The more you think about it, the clearer it becomes:  God really is patient, in the sense of a chosen waiting and enduring that doesn't give up even when we make things harder for God.  God waits.  God accompanies.  God endures.  And on top of it all, when we want things to go faster, or we want answers right away, God is willing to bear our shortsighted doubts and complaints that God is taking too long and must be making us wait.  That's not it.  It's God who is being patient with us.  It is God who is enduring suffering because we are holding up the show.   It is God who bears the pain of our mess-ups and lost-ness, not because God is stuck without a choice like feeling trapped in a waiting room, but because God continually commits to sticking it out with us, even when that is costly.  As William Willimon has put it, "God refuses to be God without us."

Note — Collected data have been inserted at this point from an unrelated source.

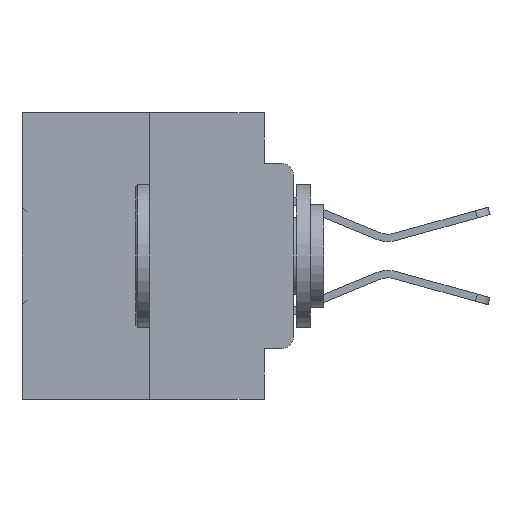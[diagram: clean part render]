
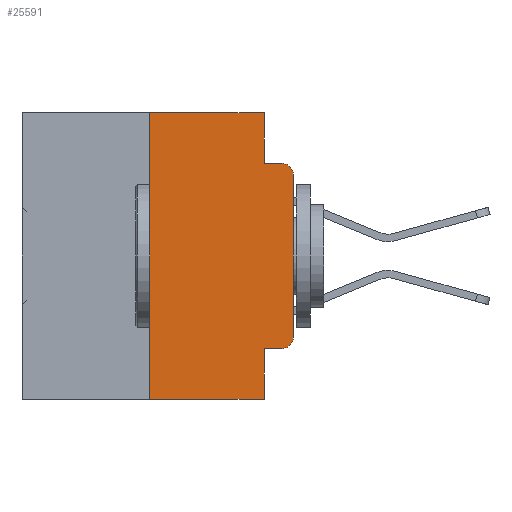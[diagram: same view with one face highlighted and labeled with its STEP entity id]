
A CAD part, left-side view. The second image highlights one B-rep face of the part: STEP entity #25591.
In plain terms, the highlighted planar face has unit normal (-1, 0, 0).
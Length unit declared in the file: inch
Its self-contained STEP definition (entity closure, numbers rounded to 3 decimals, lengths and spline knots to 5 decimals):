
#425 = EDGE_CURVE ( 'NONE', #31074, #21338, #2693, .T. ) ;
#690 = CARTESIAN_POINT ( 'NONE',  ( 0., 0.051, 0. ) ) ;
#714 = CARTESIAN_POINT ( 'NONE',  ( 0., 0.051, -0.0885 ) ) ;
#1908 = VERTEX_POINT ( 'NONE', #26426 ) ;
#2211 = LINE ( 'NONE', #35776, #4605 ) ;
#2359 = VECTOR ( 'NONE', #22389, 39.37008 ) ;
#2693 = LINE ( 'NONE', #28029, #21566 ) ;
#3984 = VERTEX_POINT ( 'NONE', #27138 ) ;
#4472 = EDGE_CURVE ( 'NONE', #3984, #19295, #13187, .T. ) ;
#4605 = VECTOR ( 'NONE', #26820, 39.37008 ) ;
#6042 = LINE ( 'NONE', #714, #33011 ) ;
#6199 = DIRECTION ( 'NONE',  ( 0., 0., -1. ) ) ;
#6624 = CARTESIAN_POINT ( 'NONE',  ( 0., 0., -0.1085 ) ) ;
#7734 = VERTEX_POINT ( 'NONE', #9313 ) ;
#8124 = ORIENTED_EDGE ( 'NONE', *, *, #28435, .T. ) ;
#8346 = DIRECTION ( 'NONE',  ( 0., -1., 0. ) ) ;
#8626 = DIRECTION ( 'NONE',  ( 0., -1., 0. ) ) ;
#8740 = ORIENTED_EDGE ( 'NONE', *, *, #11521, .T. ) ;
#8841 = EDGE_CURVE ( 'NONE', #1908, #7734, #2211, .T. ) ;
#9166 = VECTOR ( 'NONE', #35383, 39.37008 ) ;
#9265 = VECTOR ( 'NONE', #35516, 39.37008 ) ;
#9313 = CARTESIAN_POINT ( 'NONE',  ( 0., 0.25, 0. ) ) ;
#9660 = AXIS2_PLACEMENT_3D ( 'NONE', #32032, #18100, #29289 ) ;
#10272 = CIRCLE ( 'NONE', #9660, 0.02 ) ;
#11200 = CARTESIAN_POINT ( 'NONE',  ( 0., 0.473, -0.5 ) ) ;
#11521 = EDGE_CURVE ( 'NONE', #1908, #19295, #36115, .T. ) ;
#12868 = LINE ( 'NONE', #21117, #9166 ) ;
#13187 = LINE ( 'NONE', #24368, #9265 ) ;
#13549 = EDGE_CURVE ( 'NONE', #7734, #32974, #33476, .T. ) ;
#14426 = ORIENTED_EDGE ( 'NONE', *, *, #4472, .F. ) ;
#15616 = VERTEX_POINT ( 'NONE', #19258 ) ;
#16311 = DIRECTION ( 'NONE',  ( 0., 0., 1. ) ) ;
#17876 = EDGE_CURVE ( 'NONE', #15616, #31074, #10272, .T. ) ;
#17979 = ORIENTED_EDGE ( 'NONE', *, *, #20142, .F. ) ;
#18100 = DIRECTION ( 'NONE',  ( -1., 0., 0. ) ) ;
#18275 = CARTESIAN_POINT ( 'NONE',  ( 0., 0.051, -0.0885 ) ) ;
#18287 = CARTESIAN_POINT ( 'NONE',  ( 0., 0.02, -0.0885 ) ) ;
#18843 = ORIENTED_EDGE ( 'NONE', *, *, #36023, .F. ) ;
#19258 = CARTESIAN_POINT ( 'NONE',  ( 0., 0.02, -0.4115 ) ) ;
#19295 = VERTEX_POINT ( 'NONE', #27070 ) ;
#19551 = CARTESIAN_POINT ( 'NONE',  ( 0., 0.051, -0.4115 ) ) ;
#19739 = LINE ( 'NONE', #19551, #22823 ) ;
#20142 = EDGE_CURVE ( 'NONE', #32974, #21050, #12868, .T. ) ;
#20165 = CARTESIAN_POINT ( 'NONE',  ( 0., 0.473, 0. ) ) ;
#21050 = VERTEX_POINT ( 'NONE', #18275 ) ;
#21117 = CARTESIAN_POINT ( 'NONE',  ( 0., 0.051, 0. ) ) ;
#21338 = VERTEX_POINT ( 'NONE', #6624 ) ;
#21566 = VECTOR ( 'NONE', #16311, 39.37008 ) ;
#21861 = AXIS2_PLACEMENT_3D ( 'NONE', #23625, #31693, #29298 ) ;
#22232 = ORIENTED_EDGE ( 'NONE', *, *, #17876, .T. ) ;
#22389 = DIRECTION ( 'NONE',  ( 0., -1., 0. ) ) ;
#22553 = FACE_OUTER_BOUND ( 'NONE', #25229, .T. ) ;
#22823 = VECTOR ( 'NONE', #30921, 39.37008 ) ;
#23625 = CARTESIAN_POINT ( 'NONE',  ( 0., 0.02, -0.1085 ) ) ;
#24368 = CARTESIAN_POINT ( 'NONE',  ( 0., 0.051, 0. ) ) ;
#24380 = ORIENTED_EDGE ( 'NONE', *, *, #425, .T. ) ;
#24593 = EDGE_CURVE ( 'NONE', #3984, #15616, #19739, .T. ) ;
#25054 = CARTESIAN_POINT ( 'NONE',  ( 0., 0.473, 0. ) ) ;
#25219 = ORIENTED_EDGE ( 'NONE', *, *, #8841, .F. ) ;
#25229 = EDGE_LOOP ( 'NONE', ( #24380, #8124, #18843, #17979, #34800, #25219, #8740, #14426, #32147, #22232 ) ) ;
#25591 = ADVANCED_FACE ( 'NONE', ( #22553 ), #34080, .F. ) ;
#26426 = CARTESIAN_POINT ( 'NONE',  ( 0., 0.25, -0.5 ) ) ;
#26820 = DIRECTION ( 'NONE',  ( 0., 0., 1. ) ) ;
#27070 = CARTESIAN_POINT ( 'NONE',  ( 0., 0.051, -0.5 ) ) ;
#27138 = CARTESIAN_POINT ( 'NONE',  ( 0., 0.051, -0.4115 ) ) ;
#27568 = CARTESIAN_POINT ( 'NONE',  ( 0., 0., -0.3915 ) ) ;
#28029 = CARTESIAN_POINT ( 'NONE',  ( 0., 0., 0. ) ) ;
#28435 = EDGE_CURVE ( 'NONE', #21338, #28730, #32973, .T. ) ;
#28730 = VERTEX_POINT ( 'NONE', #18287 ) ;
#28744 = AXIS2_PLACEMENT_3D ( 'NONE', #20165, #31345, #6199 ) ;
#29289 = DIRECTION ( 'NONE',  ( 0., 0., -1. ) ) ;
#29298 = DIRECTION ( 'NONE',  ( 0., 0., -1. ) ) ;
#29430 = VECTOR ( 'NONE', #8346, 39.37008 ) ;
#30921 = DIRECTION ( 'NONE',  ( 0., -1., 0. ) ) ;
#31074 = VERTEX_POINT ( 'NONE', #27568 ) ;
#31345 = DIRECTION ( 'NONE',  ( 1., 0., 0. ) ) ;
#31693 = DIRECTION ( 'NONE',  ( -1., 0., 0. ) ) ;
#32032 = CARTESIAN_POINT ( 'NONE',  ( 0., 0.02, -0.3915 ) ) ;
#32147 = ORIENTED_EDGE ( 'NONE', *, *, #24593, .T. ) ;
#32974 = VERTEX_POINT ( 'NONE', #690 ) ;
#32973 = CIRCLE ( 'NONE', #21861, 0.02 ) ;
#33011 = VECTOR ( 'NONE', #8626, 39.37008 ) ;
#33476 = LINE ( 'NONE', #25054, #29430 ) ;
#34080 = PLANE ( 'NONE',  #28744 ) ;
#34800 = ORIENTED_EDGE ( 'NONE', *, *, #13549, .F. ) ;
#35383 = DIRECTION ( 'NONE',  ( 0., 0., -1. ) ) ;
#35516 = DIRECTION ( 'NONE',  ( 0., 0., -1. ) ) ;
#35776 = CARTESIAN_POINT ( 'NONE',  ( 0., 0.25, 0. ) ) ;
#36023 = EDGE_CURVE ( 'NONE', #21050, #28730, #6042, .T. ) ;
#36115 = LINE ( 'NONE', #11200, #2359 ) ;

So for whatever else we may have to say down the road about how we practice patience, and for whatever good reasons we may have to instruct and encourage each other to endure and bear suffering for others, it really all starts with God.  God is patient with us, because that is the nature of love.  Like a parent who has already bought and wrapped the presents months ahead of Christmas and now holds in the excitement until it is time for the children to receive them, God is patient with us even in the gifts of grace God has already prepared for us.  

Before we get carried away with sentimental overkill from too many romantic comedies that love is best seen in rash, impulsive grand gestures, maybe it is worth remembering with Paul here how beautiful love is when it is experienced as patience.  When love shows up, holding our hand at the hospital bedside, or keeping vigil, or walking beside us for the long haul, we know what the apostle means by saying that love is long-suffering.  And we know, too, then, how we are beloved by the God who waits.

Lord God, thank you for your patience with us, and your endurance that bears the heartache we cause. Thank you for walking with us and telling us we are worth the wait that comes with sharing the journey with us.  Thank you, Good Lord, that your love is patient.